BEGIN
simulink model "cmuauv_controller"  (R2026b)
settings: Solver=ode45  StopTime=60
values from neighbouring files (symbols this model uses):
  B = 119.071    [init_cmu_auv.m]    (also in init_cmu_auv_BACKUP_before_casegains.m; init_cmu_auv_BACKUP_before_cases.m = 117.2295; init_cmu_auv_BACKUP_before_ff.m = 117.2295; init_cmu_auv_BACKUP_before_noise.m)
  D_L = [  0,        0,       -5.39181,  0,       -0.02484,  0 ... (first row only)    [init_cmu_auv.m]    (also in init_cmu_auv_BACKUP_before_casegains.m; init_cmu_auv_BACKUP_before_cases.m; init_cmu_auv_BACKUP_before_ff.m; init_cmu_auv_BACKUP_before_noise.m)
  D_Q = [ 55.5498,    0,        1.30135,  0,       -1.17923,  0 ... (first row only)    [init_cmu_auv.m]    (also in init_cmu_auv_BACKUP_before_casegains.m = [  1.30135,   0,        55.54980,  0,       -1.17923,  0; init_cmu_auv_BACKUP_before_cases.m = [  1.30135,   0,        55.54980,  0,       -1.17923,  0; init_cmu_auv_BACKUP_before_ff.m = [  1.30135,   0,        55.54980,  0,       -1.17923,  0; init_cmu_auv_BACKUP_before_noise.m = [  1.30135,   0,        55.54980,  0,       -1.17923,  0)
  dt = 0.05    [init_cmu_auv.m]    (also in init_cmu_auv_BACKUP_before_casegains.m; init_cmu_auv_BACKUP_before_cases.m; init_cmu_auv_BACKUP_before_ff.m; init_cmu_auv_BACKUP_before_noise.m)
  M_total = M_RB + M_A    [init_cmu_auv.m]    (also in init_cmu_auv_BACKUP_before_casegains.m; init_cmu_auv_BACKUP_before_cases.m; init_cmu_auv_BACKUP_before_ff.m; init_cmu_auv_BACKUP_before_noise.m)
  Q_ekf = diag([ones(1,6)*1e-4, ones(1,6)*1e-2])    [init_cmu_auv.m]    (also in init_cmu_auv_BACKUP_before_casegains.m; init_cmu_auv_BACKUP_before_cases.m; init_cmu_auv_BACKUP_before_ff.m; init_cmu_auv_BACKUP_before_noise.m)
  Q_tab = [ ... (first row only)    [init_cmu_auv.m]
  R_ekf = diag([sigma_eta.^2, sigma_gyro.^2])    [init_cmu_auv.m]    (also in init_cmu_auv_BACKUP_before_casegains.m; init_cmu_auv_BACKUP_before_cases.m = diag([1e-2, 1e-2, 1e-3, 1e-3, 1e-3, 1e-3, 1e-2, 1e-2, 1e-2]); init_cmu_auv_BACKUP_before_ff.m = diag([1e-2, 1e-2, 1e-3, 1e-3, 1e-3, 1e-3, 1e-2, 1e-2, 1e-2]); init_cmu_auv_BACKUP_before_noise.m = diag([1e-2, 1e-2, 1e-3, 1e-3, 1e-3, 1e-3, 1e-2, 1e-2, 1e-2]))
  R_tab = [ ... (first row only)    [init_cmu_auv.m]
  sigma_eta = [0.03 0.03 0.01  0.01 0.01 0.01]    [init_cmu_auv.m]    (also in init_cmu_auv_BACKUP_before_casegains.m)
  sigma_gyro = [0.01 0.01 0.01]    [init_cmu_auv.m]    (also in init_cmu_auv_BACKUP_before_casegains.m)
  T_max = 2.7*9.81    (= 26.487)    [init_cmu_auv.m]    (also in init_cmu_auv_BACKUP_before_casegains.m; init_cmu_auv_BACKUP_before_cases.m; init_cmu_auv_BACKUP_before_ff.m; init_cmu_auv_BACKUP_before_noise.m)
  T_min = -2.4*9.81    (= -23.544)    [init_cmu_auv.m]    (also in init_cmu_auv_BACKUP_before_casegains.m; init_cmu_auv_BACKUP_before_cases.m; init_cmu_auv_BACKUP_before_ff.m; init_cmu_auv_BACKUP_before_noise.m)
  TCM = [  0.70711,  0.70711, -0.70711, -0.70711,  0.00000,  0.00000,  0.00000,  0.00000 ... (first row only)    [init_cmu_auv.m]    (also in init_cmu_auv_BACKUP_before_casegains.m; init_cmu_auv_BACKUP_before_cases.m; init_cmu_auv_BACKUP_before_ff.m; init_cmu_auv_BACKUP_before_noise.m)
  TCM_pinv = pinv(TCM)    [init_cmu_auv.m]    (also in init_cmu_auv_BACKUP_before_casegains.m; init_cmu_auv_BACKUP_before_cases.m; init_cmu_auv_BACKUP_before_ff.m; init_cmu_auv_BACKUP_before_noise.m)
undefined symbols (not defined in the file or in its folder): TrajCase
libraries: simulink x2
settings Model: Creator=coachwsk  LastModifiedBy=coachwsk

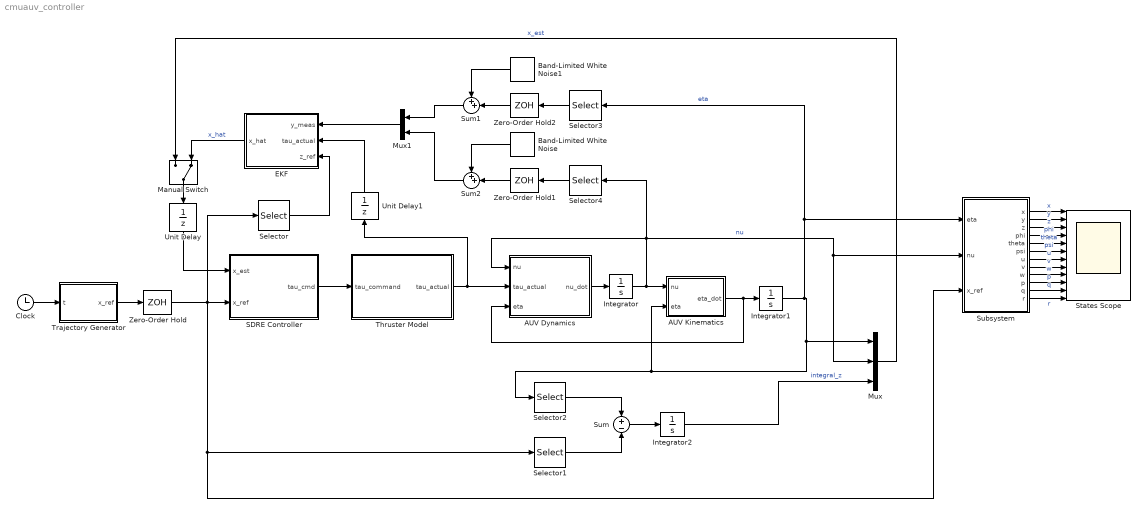
== system cmuauv_controller ==
  AUV Dynamics : MATLAB Function  TreatAsAtomicUnit=on
  AUV Kinematics : MATLAB Function  TreatAsAtomicUnit=on
  Band-Limited White Noise : simulink/Sources/Band-Limited White Noise  Cov=(sigma_gyro.^2)*dt  Ts=0.05  seed=[54321]
  Band-Limited White Noise1 : simulink/Sources/Band-Limited White Noise  Cov=(sigma_eta.^2)*dt  Ts=0.05  seed=[23341]
  Clock : Clock
  EKF : MATLAB Function  TreatAsAtomicUnit=on
  Integrator : Integrator
  Integrator1 : Integrator
  Integrator2 : Integrator  LimitOutput=on  UpperSaturationLimit=10  LowerSaturationLimit=-10
  Manual Switch : ManualSwitch  CurrentSetting=0
  Mux : Mux  Inputs=3
  Mux1 : Mux  Inputs=2
  SDRE Controller : MATLAB Function  TreatAsAtomicUnit=on
  Selector : Selector  InputPortWidth=13  IndexOptions=Index vector (dialog)  Indices=[3]  OutputSizes=1
  Selector1 : Selector  InputPortWidth=13  IndexOptions=Index vector (dialog)  Indices=[3]  OutputSizes=1
  Selector2 : Selector  InputPortWidth=6  IndexOptions=Index vector (dialog)  Indices=[3]  OutputSizes=1
  Selector3 : Selector  InputPortWidth=6  IndexOptions=Index vector (dialog)  Indices=[1 2 3 4 5 6]  OutputSizes=1
  Selector4 : Selector  InputPortWidth=6  IndexOptions=Index vector (dialog)  Indices=[4 5 6]  OutputSizes=1
  States Scope : Scope  NumInputPorts=12
      settings: ActiveDisplayYMinimum=-1.3273704161606072  ActiveDisplayYMaximum=1.9464044181254114
  Subsystem : Subsystem
  Sum : Sum  Inputs=+|-
  Sum1 : Sum  Inputs=++|
  Sum2 : Sum  Inputs=++|
  Thruster Model : Subsystem
  Trajectory Generator : MATLAB Function  TreatAsAtomicUnit=on
  Unit Delay : UnitDelay  SampleTime=-1
  Unit Delay1 : UnitDelay  SampleTime=-1
  Zero-Order Hold : ZeroOrderHold  SampleTime=0.05
  Zero-Order Hold1 : ZeroOrderHold  SampleTime=0.05
  Zero-Order Hold2 : ZeroOrderHold  SampleTime=0.05
  wires:
  Clock/1 -> Trajectory Generator/1(t)
  Trajectory Generator/1(x_ref) -> Zero-Order Hold/1
  Zero-Order Hold/1 -> Selector1/1, Subsystem/3(x_ref), Selector/1, SDRE Controller/2(x_ref)
  EKF/1(x_hat) -> Manual Switch/2  "x_hat"
  Unit Delay/1 -> SDRE Controller/1(x_est)
  Selector/1 -> EKF/3(z_ref)
  Integrator/1 -> Selector4/1, AUV Dynamics/1(nu), Subsystem/2(nu), Mux/2, AUV Kinematics/1(nu)  "nu"
  AUV Dynamics/1(nu_dot) -> Integrator/1
  AUV Kinematics/1(eta_dot) -> AUV Dynamics/3(eta), Integrator1/1
  Integrator1/1 -> Subsystem/1(eta), Selector3/1, Mux/1, AUV Kinematics/2(eta), Selector2/1  "eta"
  SDRE Controller/1(tau_cmd) -> Thruster Model/1(tau_command)
  Thruster Model/1(tau_actual) -> AUV Dynamics/2(tau_actual), Unit Delay1/1
  Unit Delay1/1 -> EKF/2(tau_actual)
  Selector2/1 -> Sum/1
  Selector1/1 -> Sum/2
  Sum/1 -> Integrator2/1
  Integrator2/1 -> Mux/3  "integral_z"
  Selector4/1 -> Zero-Order Hold1/1
  Zero-Order Hold2/1 -> Sum1/2
  Band-Limited White Noise1/1 -> Sum1/1
  Zero-Order Hold1/1 -> Sum2/2
  Band-Limited White Noise/1 -> Sum2/1
  Mux1/1 -> EKF/1(y_meas)
  Sum1/1 -> Mux1/1
  Sum2/1 -> Mux1/2
  Manual Switch/1 -> Unit Delay/1
  Mux/1 -> Manual Switch/1  "x_est"
  Selector3/1 -> Zero-Order Hold2/1
  Subsystem/12(r) -> States Scope/12  "r"
  Subsystem/1(x) -> States Scope/1  "x"
  Subsystem/2(y) -> States Scope/2  "y"
  Subsystem/3(z) -> States Scope/3  "z"
  Subsystem/4(phi) -> States Scope/4  "phi"
  Subsystem/5(theta) -> States Scope/5  "theta"
  Subsystem/6(psi) -> States Scope/6  "psi"
  Subsystem/7(u) -> States Scope/7  "u"
  Subsystem/8(v) -> States Scope/8  "v"
  Subsystem/9(w) -> States Scope/9  "w"
  Subsystem/10(p) -> States Scope/10  "p"
  Subsystem/11(q) -> States Scope/11  "q"

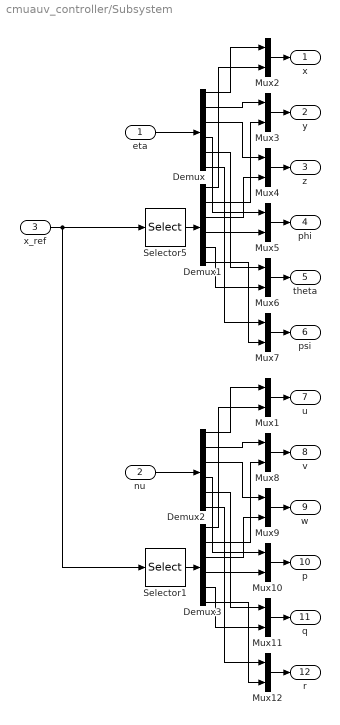
== system cmuauv_controller/Subsystem ==
  eta : Inport
  nu : Inport  Port=2
  x_ref : Inport  Port=3
  Demux{,1..3} (4 alike) : Demux  Outputs=6
  Mux{1..12} (12 alike) : Mux  Inputs=2
  Selector1 : Selector  InputPortWidth=13  IndexOptions=Index vector (dialog)  Indices=[7 8 9 10 11 12]  OutputSizes=1
  Selector5 : Selector  InputPortWidth=13  IndexOptions=Index vector (dialog)  Indices=[1 2 3 4 5 6]  OutputSizes=1
  x : Outport
  y : Outport  Port=2
  z : Outport  Port=3
  phi : Outport  Port=4
  theta : Outport  Port=5
  psi : Outport  Port=6
  u : Outport  Port=7
  v : Outport  Port=8
  w : Outport  Port=9
  p : Outport  Port=10
  q : Outport  Port=11
  r : Outport  Port=12
  wires:
  Mux5/1 -> phi/1
  Mux2/1 -> x/1
  Demux1/6 -> Mux7/2
  Mux6/1 -> theta/1
  Demux1/3 -> Mux4/2
  Mux3/1 -> y/1
  Mux4/1 -> z/1
  Demux1/4 -> Mux5/2
  Demux1/1 -> Mux2/2
  Mux7/1 -> psi/1
  Demux1/5 -> Mux6/2
  Demux/6 -> Mux7/1
  Selector5/1 -> Demux1/1
  x_ref/1 -> Selector1/1, Selector5/1
  Demux/4 -> Mux5/1
  Demux/5 -> Mux6/1
  Demux/3 -> Mux4/1
  Demux1/2 -> Mux3/2
  Demux/2 -> Mux3/1
  Demux/1 -> Mux2/1
  Selector1/1 -> Demux3/1
  Demux2/1 -> Mux1/1
  Mux12/1 -> r/1
  Demux2/2 -> Mux8/1
  Mux9/1 -> w/1
  Mux1/1 -> u/1
  Mux8/1 -> v/1
  Demux2/3 -> Mux9/1
  Mux11/1 -> q/1
  Demux2/6 -> Mux12/1
  Demux3/4 -> Mux10/2
  Demux3/5 -> Mux11/2
  Demux3/2 -> Mux8/2
  Demux3/6 -> Mux12/2
  Demux3/1 -> Mux1/2
  Mux10/1 -> p/1
  Demux2/5 -> Mux11/1
  Demux3/3 -> Mux9/2
  Demux2/4 -> Mux10/1
  eta/1 -> Demux/1
  nu/1 -> Demux2/1

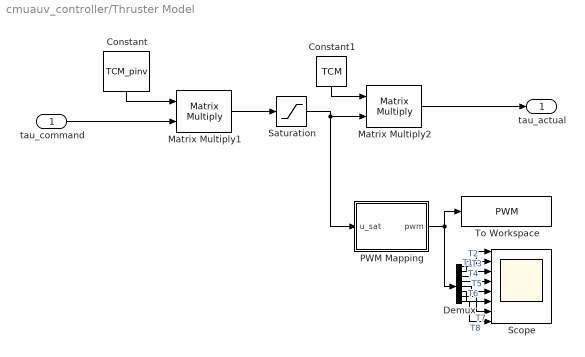
== system cmuauv_controller/Thruster Model ==
  tau_command : Inport
  Constant : Constant  Value=TCM_pinv
  Constant1 : Constant  Value=TCM
  Demux : Demux  Outputs=8
  Matrix Multiply1 : Product  Multiplication=Matrix(*)
  Matrix Multiply2 : Product  Multiplication=Matrix(*)
  PWM Mapping : MATLAB Function  TreatAsAtomicUnit=on
  Saturation : Saturate  UpperLimit=T_max  LowerLimit=T_min
  Scope : Scope  NumInputPorts=8
  To Workspace : ToWorkspace  VariableName=PWM  SaveFormat=Structure With Time  SampleTime=-1
  tau_actual : Outport
  wires:
  Demux/8 -> Scope/8  "T8"
  Matrix Multiply2/1 -> tau_actual/1
  Demux/6 -> Scope/6  "T6"
  Demux/4 -> Scope/4  "T4"
  Demux/2 -> Scope/2  "T2"
  Demux/3 -> Scope/3  "T3"
  Demux/7 -> Scope/7  "T7"
  Demux/5 -> Scope/5  "T5"
  tau_command/1 -> Matrix Multiply1/2
  PWM Mapping/1(pwm) -> To Workspace/1, Demux/1
  Constant/1 -> Matrix Multiply1/1
  Saturation/1 -> PWM Mapping/1(u_sat), Matrix Multiply2/2
  Matrix Multiply1/1 -> Saturation/1
  Demux/1 -> Scope/1  "T1"
  Constant1/1 -> Matrix Multiply2/1

== matlab function cmuauv_controller/SDRE Controller ==
  data: x_est input; tau_cmd output; x_ref input; M_total parameter; D_L parameter; D_Q parameter; Q_tab parameter; R_tab parameter; TrajCase parameter; B parameter
function tau_cmd = fcn(x_est, x_ref, M_total, D_L, D_Q, Q_tab, R_tab, TrajCase, B)
coder.extrinsic('care');

% Pre-allocate extrinsic output (removed the 'info' struct)
P = zeros(13, 13);

% Extract states and force column vectors
x_est = x_est(:);
x_ref = x_ref(:);

eta = x_est(1:6);
nu = x_est(7:12);

% Initialize matrices from workspace parameters
M = M_total;
W = 117.23;   % vehicle weight [N] (Table 3); B (buoyancy) still comes from the workspace
% Per-case LQR weights: column k of Q_tab / R_tab holds the diagonal
% weights tuned for trajectory case k (TrajCase = 1..4).
kc = min(max(round(TrajCase), 1), size(Q_tab, 2));
Q = diag(Q_tab(:, kc));
R = diag(R_tab(:, kc));
zg = 0.0620; zb = 0.0213; xb = 0.0050;

% Compute Error
x_err = x_est - x_ref;

% 1. Kinematic Jacobian J(eta)
phi = eta(4); theta = eta(5); psi = eta(6);
J11 = [cos(psi)*cos(theta), -sin(psi)*cos(phi)+cos(psi)*sin(theta)*sin(phi), sin(psi)*sin(phi)+cos(psi)*cos(phi)*sin(theta);
    sin(psi)*cos(theta), cos(psi)*cos(phi)+sin(phi)*sin(theta)*sin(psi), -cos(psi)*sin(phi)+sin(theta)*sin(psi)*cos(phi);
    -sin(theta),         cos(theta)*sin(phi),                            cos(theta)*cos(phi)];
J22 = [1, sin(phi)*tan(theta), cos(phi)*tan(theta);
    0, cos(phi),           -sin(phi);
    0, sin(phi)/cos(theta), cos(phi)/cos(theta)];
J = [J11, zeros(3,3); zeros(3,3), J22];

% 2. Damping Matrix D(nu)
D_L_safe = abs(diag(diag(D_L)));
D_Q_safe = abs(diag(diag(D_Q)));
D_nu = D_L_safe + D_Q_safe * diag(abs(nu));

% 3. State-Dependent Matrices A(x) and B
A = zeros(13, 13);
A(1:6, 7:12) = J;
A(7:12, 7:12) = -M \ D_nu; 
A(13, 3) = 1; % Integral of depth error

B_mat = zeros(13, 6);
B_mat(7:12, 1:6) = inv(M);

% 4. Compute Non-linear Restoring Forces (Feedforward)
g_eta = [(W-B)*sin(theta);
    -(W-B)*cos(theta)*sin(phi);
    -(W-B)*cos(theta)*cos(phi);
    (zg*W - zb*B)*cos(theta)*sin(phi);
    (zg*W - zb*B)*sin(theta) - (xb*B)*cos(theta)*cos(phi);
    (xb*B)*cos(theta)*sin(phi)];

% 4b. Model-based feedforward of the reference motion (body frame):
%     tau_ff = M*nu_d_dot + C(nu_d)*nu_d + D(nu_d)*nu_d
%     nu_d_dot = backward difference of the velocity reference at the
%     20 Hz control rate (dt_ff must equal the controller sample time).
persistent nu_d_prev
dt_ff = 0.05;
nu_d = x_ref(7:12);
if isempty(nu_d_prev)
    nu_d_prev = nu_d;
end
nu_d_dot = (nu_d - nu_d_prev) / dt_ff;
nu_d_prev = nu_d;
a1d = M(1:3,1:3)*nu_d(1:3) + M(1:3,4:6)*nu_d(4:6);
a2d = M(4:6,1:3)*nu_d(1:3) + M(4:6,4:6)*nu_d(4:6);
S1d = [0, -a1d(3), a1d(2); a1d(3), 0, -a1d(1); -a1d(2), a1d(1), 0];
S2d = [0, -a2d(3), a2d(2); a2d(3), 0, -a2d(1); -a2d(2), a2d(1), 0];
C_d = [zeros(3,3), -S1d; -S1d, -S2d];
D_d = D_L_safe + D_Q_safe * diag(abs(nu_d));
tau_ff = M * nu_d_dot + C_d * nu_d + D_d * nu_d;

% 5. SDRE Solver
persistent K_prev
if isempty(K_prev)
    % Initialize with a safe, empty matrix
    K_prev = zeros(6, 13);
end

% Solve ARE (Request only P to avoid struct class mismatches)
P = care(A, B_mat, Q, R);

% If solution is valid (not empty, NaN, or Inf)
if ~isempty(P) && ~any(isnan(P(:))) && ~any(isinf(P(:)))
    K = R \ (B_mat' * P);
    K_prev = K; % Save as the last known good gain
else
    K = K_prev; % Fallback to previous safe gain
end

% Calculate control law
tau_cmd = -K * x_err + g_eta + tau_ff;

% Final failsafe to prevent Integrator crash
if any(isnan(tau_cmd)) || any(isinf(tau_cmd))
    tau_cmd = zeros(6,1);
end
end

== matlab function cmuauv_controller/Trajectory Generator ==
  data: t input; x_ref output
function x_ref = fcn(t)
% Reference trajectory selector. Cases: 1 station keeping, 2 straight line,
% 3 circle, 4 3D infinity-shape. See cmuauv_trajectory.m for all parameters.
% The case number is read from the base-workspace variable TrajCase.
% x_ref = [x, y, z, phi, theta, psi, u, v, w, p, q, r, int_z]
coder.extrinsic('evalin');
TrajCase = 3;
TrajCase = evalin('base', 'TrajCase');
x_ref = cmuauv_trajectory(t, TrajCase);
end

== matlab function cmuauv_controller/EKF ==
  data: y_meas input; x_hat output; tau_actual input; z_ref input; M_total parameter; D_L parameter; D_Q parameter; Q_ekf parameter; R_ekf parameter
function x_hat = fcn(y_meas, tau_actual, z_ref, M_total, D_L, D_Q, Q_ekf, R_ekf)
    % y_meas: Sensor signals 9x1 [eta(1:6); p; q; r]
    % tau_actual: Control effort 6x1
    y_meas = y_meas(:);
    tau_actual = tau_actual(:);
    
    % Use persistent variables to retain values across time steps
    persistent x_prev P_prev int_z
    if isempty(x_prev)
        x_prev = zeros(12,1); % Initial guess: AUV is stationary
        P_prev = eye(12) * 0.1; 
        int_z = 0;
    end
    
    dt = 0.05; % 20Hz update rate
END
-- What the task requires --
Look through the material above. Transcribe exactly the lines between the ones with "undefined symbols (not" and "AUV Kinematics : MATLAB", inclusive, and keep pictures out.

-- Written response --
undefined symbols (not defined in the file or in its folder): TrajCase
libraries: simulink x2
settings Model: Creator=coachwsk  LastModifiedBy=coachwsk

== system cmuauv_controller ==
  AUV Dynamics : MATLAB Function  TreatAsAtomicUnit=on
  AUV Kinematics : MATLAB Function  TreatAsAtomicUnit=on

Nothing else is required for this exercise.